What you have to do – Quote the lines below exactly, from the one that holds "#139=CARTESIAN_POINT('',(0.,1.6002,-17.25));" through the final line of the records, and only those.

Dataset excerpts –
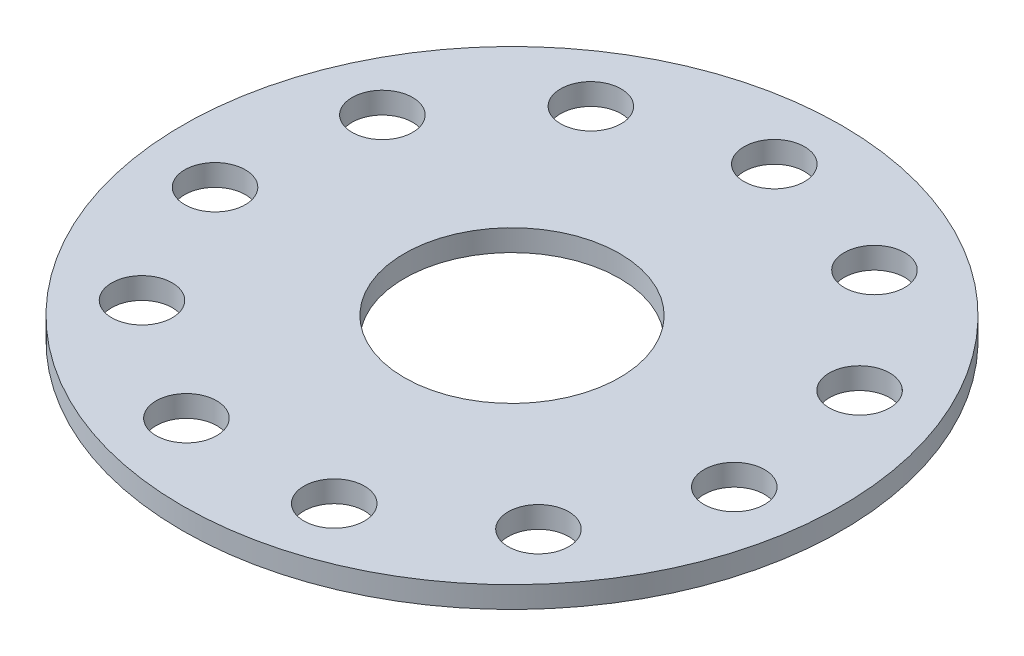
ISO-10303-21;
HEADER;
FILE_DESCRIPTION(('STEP AP214'),'2;1');
FILE_NAME('part.step','',(''),(''),'','','');
FILE_SCHEMA(('AUTOMOTIVE_DESIGN { 1 0 10303 214 1 1 1 1 }'));
ENDSEC;
DATA;
#1=APPLICATION_CONTEXT('core data for automotive mechanical design processes');
#2=APPLICATION_PROTOCOL_DEFINITION('international standard','automotive_design',2000,#1);
#3=PRODUCT_CONTEXT('',#1,'mechanical');
#4=PRODUCT('Part','Part','',(#3));
#5=PRODUCT_RELATED_PRODUCT_CATEGORY('part','',(#4));
#6=PRODUCT_DEFINITION_FORMATION('','',#4);
#7=PRODUCT_DEFINITION_CONTEXT('part definition',#1,'design');
#8=PRODUCT_DEFINITION('design','',#6,#7);
#9=PRODUCT_DEFINITION_SHAPE('','',#8);
#10=(LENGTH_UNIT() NAMED_UNIT(*) SI_UNIT(.MILLI.,.METRE.));
#11=(NAMED_UNIT(*) PLANE_ANGLE_UNIT() SI_UNIT($,.RADIAN.));
#12=(NAMED_UNIT(*) SI_UNIT($,.STERADIAN.) SOLID_ANGLE_UNIT());
#13=UNCERTAINTY_MEASURE_WITH_UNIT(LENGTH_MEASURE(1.E-05),#10,'distance_accuracy_value','');
#14=(GEOMETRIC_REPRESENTATION_CONTEXT(3) GLOBAL_UNCERTAINTY_ASSIGNED_CONTEXT((#13)) GLOBAL_UNIT_ASSIGNED_CONTEXT((#10,
#11,#12)) REPRESENTATION_CONTEXT('',''));
#15=CARTESIAN_POINT('',(0.,0.,0.));
#16=DIRECTION('',(0.,0.,1.));
#17=DIRECTION('',(1.,0.,0.));
#18=AXIS2_PLACEMENT_3D('',#15,#16,#17);
#19=CARTESIAN_POINT('',(0.,1.6002,0.));
#20=DIRECTION('',(0.,1.,0.));
#21=DIRECTION('',(0.,0.,1.));
#22=AXIS2_PLACEMENT_3D('',#19,#20,#21);
#23=PLANE('',#22);
#24=CARTESIAN_POINT('',(10.5424959403839,1.6002,-16.4044438902082));
#25=DIRECTION('',(0.,1.,0.));
#26=DIRECTION('',(-0.540640817455586,0.,0.841253532831189));
#27=AXIS2_PLACEMENT_3D('',#24,#25,#26);
#28=CIRCLE('',#27,2.25);
#29=CARTESIAN_POINT('',(9.32605410110887,1.6002,-14.511623441338));
#30=VERTEX_POINT('',#29);
#31=EDGE_CURVE('E63',#30,#30,#28,.T.);
#32=ORIENTED_EDGE('',*,*,#31,.F.);
#33=EDGE_LOOP('',(#32));
#34=FACE_BOUND('',#33,.T.);
#35=CARTESIAN_POINT('',(17.737823909413,1.6002,-8.100592753537));
#36=DIRECTION('',(0.,1.,0.));
#37=DIRECTION('',(-0.909631995354513,0.,0.415415013001897));
#38=AXIS2_PLACEMENT_3D('',#35,#36,#37);
#39=CIRCLE('',#38,2.25);
#40=CARTESIAN_POINT('',(15.6911519198654,1.6002,-7.16590897428273));
#41=VERTEX_POINT('',#40);
#42=EDGE_CURVE('E69',#41,#41,#39,.T.);
#43=ORIENTED_EDGE('',*,*,#42,.F.);
#44=EDGE_LOOP('',(#43));
#45=FACE_BOUND('',#44,.T.);
#46=CARTESIAN_POINT('',(19.3015181166782,1.6002,2.77513934632886));
#47=DIRECTION('',(0.,1.,0.));
#48=DIRECTION('',(-0.989821441880934,0.,-0.142314838273275));
#49=AXIS2_PLACEMENT_3D('',#46,#47,#48);
#50=CIRCLE('',#49,2.25);
#51=CARTESIAN_POINT('',(17.0744198724461,1.6002,2.45493096021399));
#52=VERTEX_POINT('',#51);
#53=EDGE_CURVE('E75',#52,#52,#50,.T.);
#54=ORIENTED_EDGE('',*,*,#53,.F.);
#55=EDGE_LOOP('',(#54));
#56=FACE_BOUND('',#55,.T.);
#57=CARTESIAN_POINT('',(14.7371166999082,1.6002,12.7697843119329));
#58=DIRECTION('',(0.,1.,0.));
#59=DIRECTION('',(-0.755749574354264,0.,-0.654860733945278));
#60=AXIS2_PLACEMENT_3D('',#57,#58,#59);
#61=CIRCLE('',#60,2.25);
#62=CARTESIAN_POINT('',(13.0366801576111,1.6002,11.2963476605561));
#63=VERTEX_POINT('',#62);
#64=EDGE_CURVE('E81',#63,#63,#61,.T.);
#65=ORIENTED_EDGE('',*,*,#64,.F.);
#66=EDGE_LOOP('',(#65));
#67=FACE_BOUND('',#66,.T.);
#68=CARTESIAN_POINT('',(5.49378485840803,1.6002,18.7101129854827));
#69=DIRECTION('',(0.,1.,0.));
#70=DIRECTION('',(-0.281732556841437,0.,-0.959492973614495));
#71=AXIS2_PLACEMENT_3D('',#68,#69,#70);
#72=CIRCLE('',#71,2.25);
#73=CARTESIAN_POINT('',(4.85988660551479,1.6002,16.55125379485));
#74=VERTEX_POINT('',#73);
#75=EDGE_CURVE('E87',#74,#74,#72,.T.);
#76=ORIENTED_EDGE('',*,*,#75,.F.);
#77=EDGE_LOOP('',(#76));
#78=FACE_BOUND('',#77,.T.);
#79=CARTESIAN_POINT('',(-5.49378485840776,1.6002,18.7101129854827));
#80=DIRECTION('',(0.,1.,0.));
#81=DIRECTION('',(0.281732556841423,0.,-0.959492973614499));
#82=AXIS2_PLACEMENT_3D('',#79,#80,#81);
#83=CIRCLE('',#82,2.25);
#84=CARTESIAN_POINT('',(-4.85988660551455,1.6002,16.5512537948501));
#85=VERTEX_POINT('',#84);
#86=EDGE_CURVE('E93',#85,#85,#83,.T.);
#87=ORIENTED_EDGE('',*,*,#86,.F.);
#88=EDGE_LOOP('',(#87));
#89=FACE_BOUND('',#88,.T.);
#90=CARTESIAN_POINT('',(-14.737116699908,1.6002,12.7697843119331));
#91=DIRECTION('',(0.,1.,0.));
#92=DIRECTION('',(0.755749574354255,0.,-0.654860733945289));
#93=AXIS2_PLACEMENT_3D('',#90,#91,#92);
#94=CIRCLE('',#93,2.25);
#95=CARTESIAN_POINT('',(-13.0366801576109,1.6002,11.2963476605562));
#96=VERTEX_POINT('',#95);
#97=EDGE_CURVE('E99',#96,#96,#94,.T.);
#98=ORIENTED_EDGE('',*,*,#97,.F.);
#99=EDGE_LOOP('',(#98));
#100=FACE_BOUND('',#99,.T.);
#101=CARTESIAN_POINT('',(-19.3015181166782,1.6002,2.77513934632913));
#102=DIRECTION('',(0.,1.,0.));
#103=DIRECTION('',(0.989821441880932,0.,-0.142314838273289));
#104=AXIS2_PLACEMENT_3D('',#101,#102,#103);
#105=CIRCLE('',#104,2.25);
#106=CARTESIAN_POINT('',(-17.0744198724461,1.6002,2.45493096021423));
#107=VERTEX_POINT('',#106);
#108=EDGE_CURVE('E105',#107,#107,#105,.T.);
#109=ORIENTED_EDGE('',*,*,#108,.F.);
#110=EDGE_LOOP('',(#109));
#111=FACE_BOUND('',#110,.T.);
#112=CARTESIAN_POINT('',(-17.7378239094131,1.6002,-8.10059275353674));
#113=DIRECTION('',(0.,1.,0.));
#114=DIRECTION('',(0.909631995354519,0.,0.415415013001884));
#115=AXIS2_PLACEMENT_3D('',#112,#113,#114);
#116=CIRCLE('',#115,2.25);
#117=CARTESIAN_POINT('',(-15.6911519198655,1.6002,-7.1659089742825));
#118=VERTEX_POINT('',#117);
#119=EDGE_CURVE('E111',#118,#118,#116,.T.);
#120=ORIENTED_EDGE('',*,*,#119,.F.);
#121=EDGE_LOOP('',(#120));
#122=FACE_BOUND('',#121,.T.);
#123=CARTESIAN_POINT('',(-10.5424959403842,1.6002,-16.404443890208));
#124=DIRECTION('',(0.,1.,0.));
#125=DIRECTION('',(0.540640817455599,0.,0.841253532831181));
#126=AXIS2_PLACEMENT_3D('',#123,#124,#125);
#127=CIRCLE('',#126,2.25);
#128=CARTESIAN_POINT('',(-9.32605410110908,1.6002,-14.5116234413379));
#129=VERTEX_POINT('',#128);
#130=EDGE_CURVE('E57',#129,#129,#127,.T.);
#131=ORIENTED_EDGE('',*,*,#130,.F.);
#132=EDGE_LOOP('',(#131));
#133=FACE_BOUND('',#132,.T.);
#134=CARTESIAN_POINT('',(0.,1.6002,-19.5));
#135=DIRECTION('',(0.,1.,0.));
#136=DIRECTION('',(0.,0.,1.));
#137=AXIS2_PLACEMENT_3D('',#134,#135,#136);
#138=CIRCLE('',#137,2.25);
#139=CARTESIAN_POINT('',(0.,1.6002,-17.25));
#140=VERTEX_POINT('',#139);
#141=EDGE_CURVE('E51',#140,#140,#138,.T.);
#142=ORIENTED_EDGE('',*,*,#141,.F.);
#143=EDGE_LOOP('',(#142));
#144=FACE_BOUND('',#143,.T.);
#145=CARTESIAN_POINT('',(0.,1.6002,0.));
#146=DIRECTION('',(0.,1.,0.));
#147=DIRECTION('',(0.,0.,1.));
#148=AXIS2_PLACEMENT_3D('',#145,#146,#147);
#149=CIRCLE('',#148,24.5);
#150=CARTESIAN_POINT('',(0.,1.6002,24.5));
#151=VERTEX_POINT('',#150);
#152=EDGE_CURVE('E10',#151,#151,#149,.T.);
#153=ORIENTED_EDGE('',*,*,#152,.T.);
#154=EDGE_LOOP('',(#153));
#155=FACE_BOUND('',#154,.T.);
#156=CARTESIAN_POINT('',(0.,1.6002,0.));
#157=DIRECTION('',(0.,1.,0.));
#158=DIRECTION('',(0.,0.,1.));
#159=AXIS2_PLACEMENT_3D('',#156,#157,#158);
#160=CIRCLE('',#159,8.);
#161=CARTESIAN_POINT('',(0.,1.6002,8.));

Answer space –
#139=CARTESIAN_POINT('',(0.,1.6002,-17.25));
#140=VERTEX_POINT('',#139);
#141=EDGE_CURVE('E51',#140,#140,#138,.T.);
#142=ORIENTED_EDGE('',*,*,#141,.F.);
#143=EDGE_LOOP('',(#142));
#144=FACE_BOUND('',#143,.T.);
#145=CARTESIAN_POINT('',(0.,1.6002,0.));
#146=DIRECTION('',(0.,1.,0.));
#147=DIRECTION('',(0.,0.,1.));
#148=AXIS2_PLACEMENT_3D('',#145,#146,#147);
#149=CIRCLE('',#148,24.5);
#150=CARTESIAN_POINT('',(0.,1.6002,24.5));
#151=VERTEX_POINT('',#150);
#152=EDGE_CURVE('E10',#151,#151,#149,.T.);
#153=ORIENTED_EDGE('',*,*,#152,.T.);
#154=EDGE_LOOP('',(#153));
#155=FACE_BOUND('',#154,.T.);
#156=CARTESIAN_POINT('',(0.,1.6002,0.));
#157=DIRECTION('',(0.,1.,0.));
#158=DIRECTION('',(0.,0.,1.));
#159=AXIS2_PLACEMENT_3D('',#156,#157,#158);
#160=CIRCLE('',#159,8.);
#161=CARTESIAN_POINT('',(0.,1.6002,8.));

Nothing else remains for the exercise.